Hoy, como siempre, me los hizo oler antes de repartirlos, y la sensación olfativa me llevó instantáneamente a recrear, con una exquisita fidelidad, una antigua escena repetida

muchísimas veces, hace ya cincuenta años; Enrique y yo, ambos de diecisiete, diecinueve, veinte años, sentados frente a frente, cada uno con su libro, estudiando juntos para los

exámenes, turnándonos para leer los temas, separados por un hermoso velador de bronce que había hecho él mismo con una vieja trompeta abollada, y al lado, un bol de cristal cargado de jazmines que olían exactamente como los de hoy, porque son los mismos, de la misma planta, cortados de la misma maceta.

Entonces todavía no sabíamos que solo uno de los dos sería médico, todavía ambos creíamos en utopías, todo nos parecía posible cuando nuestro primer voto había llevado a Alfredo Palacios al Congreso, todavía las mujeres eran un misterio que tratábamos de descifrar en los bailes de Carnaval, nos sacudían las películas de Ingmar Bergman y faltaban todavía diez años para que la guerra de Vietnam, el Mayo Francés y la muerte del Che nos notificaran que la juventud había llegado a su fin y teníamos que empezar a madurar. Tampoco sabíamos que el destino nos convertiría en cuñados doce años mas tarde.

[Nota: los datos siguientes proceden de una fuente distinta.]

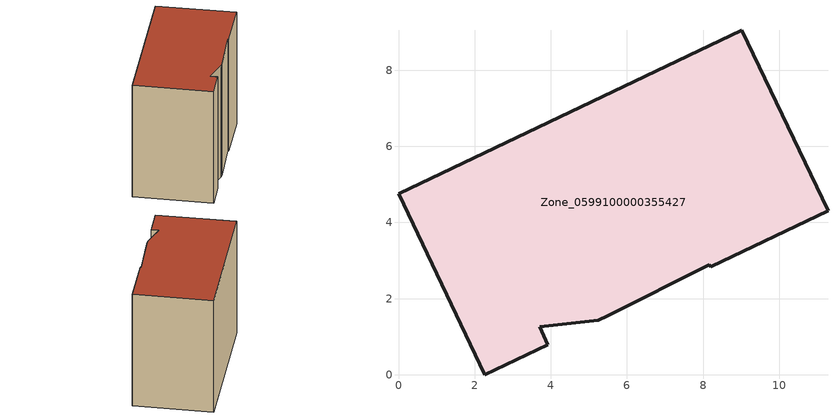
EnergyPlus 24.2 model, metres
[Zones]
Zone_0599100000355427
 floor ground (C_G): 8.16,2.89 5.5,1.55 5.25,1.43 3.71,1.26 3.92,0.79 2.26,0 0,4.75 9.02,9.05 11.28,4.31 8.2,2.84 z0
 wall outside (C_F): 5.25,1.43 5.5,1.55 8.16,2.89 8.2,2.84 11.28,4.31 9.02,9.05 0,4.75 2.26,0 3.92,0.79 3.71,1.26 5.25,1.43 z0:8.28
 roof outside (C_R): 5.5,1.55 8.16,2.89 8.2,2.84 11.28,4.31 9.02,9.05 0,4.75 2.26,0 3.92,0.79 3.71,1.26 5.25,1.43 z8.28
[BUILDING]
Pand.0599100000355427: North Axis=0; Terrain=City; Loads Convergence Tolerance Value=0.04; Temperature Convergence Tolerance Value=0.4; Solar Distribution=FullExterior; Maximum Number of Warmup Days=25; Minimum Number of Warmup Days=1
[Site:Location]
Rotterdam.The.Hague.AP_ZH_NLD Design_Conditions: Latitude=51.96; Longitude=4.45; Time Zone=1; Elevation=-4.5
[SITE:GROUNDTEMPERATURE:BUILDINGSURFACE]
18, 18, 18, 18, 18, 18, 18, 18, 18, 18, 18, 18
[MATERIAL] Thermal Absorptance=0.9; Solar Absorptance=0.7; Visible Absorptance=0.7
Name | Roughness | Thickness | Conductivity | Density | Specific Heat
G.TI.1992-2005 | MediumSmooth | 0.15 | 0.06 | 540 | 1210
F.TI.1992-2005 | Rough | 0.3 | 0.12 | 1920 | 840
R.TI.1992-2005 | MediumRough | 0.2 | 0.08 | 1500 | 1000
[CONSTRUCTION]
C_G: G.TI.1992-2005
C_F: F.TI.1992-2005
C_R: R.TI.1992-2005
[ZONE]
Zone_0599100000355427: Type=1; Multiplier=1; Ceiling Height=Autocalculate; Volume=Autocalculate; Floor Area=autocalculate; Part of Total Floor Area=Yes
[ZONEINFILTRATION:DESIGNFLOWRATE]
Infil_Zone_0599100000355427: Zone or ZoneList or Space or SpaceList=Zone_0599100000355427; Schedule=AlwaysOn; Design Flow Rate Calculation Method=Flow/Area; Flow Rate per Floor Area=0.0015; Constant Term Coefficient=1; Temperature Term Coefficient=0; Velocity Term Coefficient=0; Velocity Squared Term Coefficient=0
[HVACTEMPLATE:ZONE:IDEALLOADSAIRSYSTEM]
Zone_0599100000355427: Maximum Heating Supply Air Temperature=50; Minimum Cooling Supply Air Temperature=13; Maximum Heating Supply Air Humidity Ratio=0.0156; Minimum Cooling Supply Air Humidity Ratio=0.0077; Heating Limit=NoLimit; Cooling Limit=NoLimit; Dehumidification Control Type=ConstantSensibleHeatRatio; Cooling Sensible Heat Ratio=0.7; Dehumidification Setpoint=60; Humidification Control Type=None; Humidification Setpoint=30; Outdoor Air Method=None; Outdoor Air Flow Rate per Person=0.00944; Outdoor Air Flow Rate per Zone Floor Area=0; Outdoor Air Flow Rate per Zone=0; Demand Controlled Ventilation Type=None; Outdoor Air Economizer Type=NoEconomizer; Heat Recovery Type=None; Sensible Heat Recovery Effectiveness=0.7; Latent Heat Recovery Effectiveness=0.65
[ZONECONTROL:THERMOSTAT]
ThermostatControl_Zone_0599100000355427: Zone or ZoneList=Zone_0599100000355427; Control Type Schedule=DualSetpointControlType; Control 1=Thermostat_Zone_0599100000355427; Temperature Difference Between Cutout And Setpoint=0
[THERMOSTATSETPOINT:DUALSETPOINT]
Thermostat_Zone_0599100000355427: Heating Setpoint Temperature Schedule=HeatingSetpoint_Zone_0599100000355427; Cooling Setpoint Temperature Schedule=CoolingSetpoint_Zone_0599100000355427
[SCHEDULE:COMPACT]
HeatingSetpoint_Zone_0599100000355427: Through: 12/31, For: AllDays, Until: 24:00, 21
CoolingSetpoint_Zone_0599100000355427: Through: 12/31, For: AllDays, Until: 24:00, 24
DualSetpointControlType: Through: 12/31, For: AllDays, Until: 24:00, 4
AlwaysOn: Through: 12/31, For: AllDays, Until: 24:00, 1

Se separaron nuestros caminos y cada uno por su lado nos deslizamos velozmente desde nuestros veinte años en adelante.

Yo abandoné los estudios y cambié varios empleos hasta que el volante me atrapó. Mi oficio, por más de cuarenta años, fue el de chofer de ómnibus, taxis y camiones.

Enrique se recibió, se casó e hizo una brillante carrera en la especialidad de Psiquiatría,

formándose al lado de un maestro de la talla de Mauricio Goldemberg, durante la innovadora experiencia del Hospital de Lanús, frustrada por la represión militar como tantas cosas y tantas vidas.

Nuestros caminos se cruzaron nuevamente cuando su hermana y yo nos casamos, sumando a nuestra amistad el parentesco, en una relación que además del condimento de lo familiar y lo cotidiano, también se cimentó desde siempre en el amor compartido a la Literatura y a la Música.

Muchas veces aparece la imagen de Enrique al influjo de cosas tan simples como el olor de estos jazmines, pero también con las voces emocionadas de los pacientes que atendió durante sus últimos cinco años, mientras cursaba su propia enfermedad, y que todavía llaman por teléfono preguntando con voz ansiosa por el doctor. Le leo a mi mujer esto que termino de escribir sobre Enrique, su hermano, mi amigo. Nos abrazamos y lloramos un poco.

Es el Duelo. Está bien.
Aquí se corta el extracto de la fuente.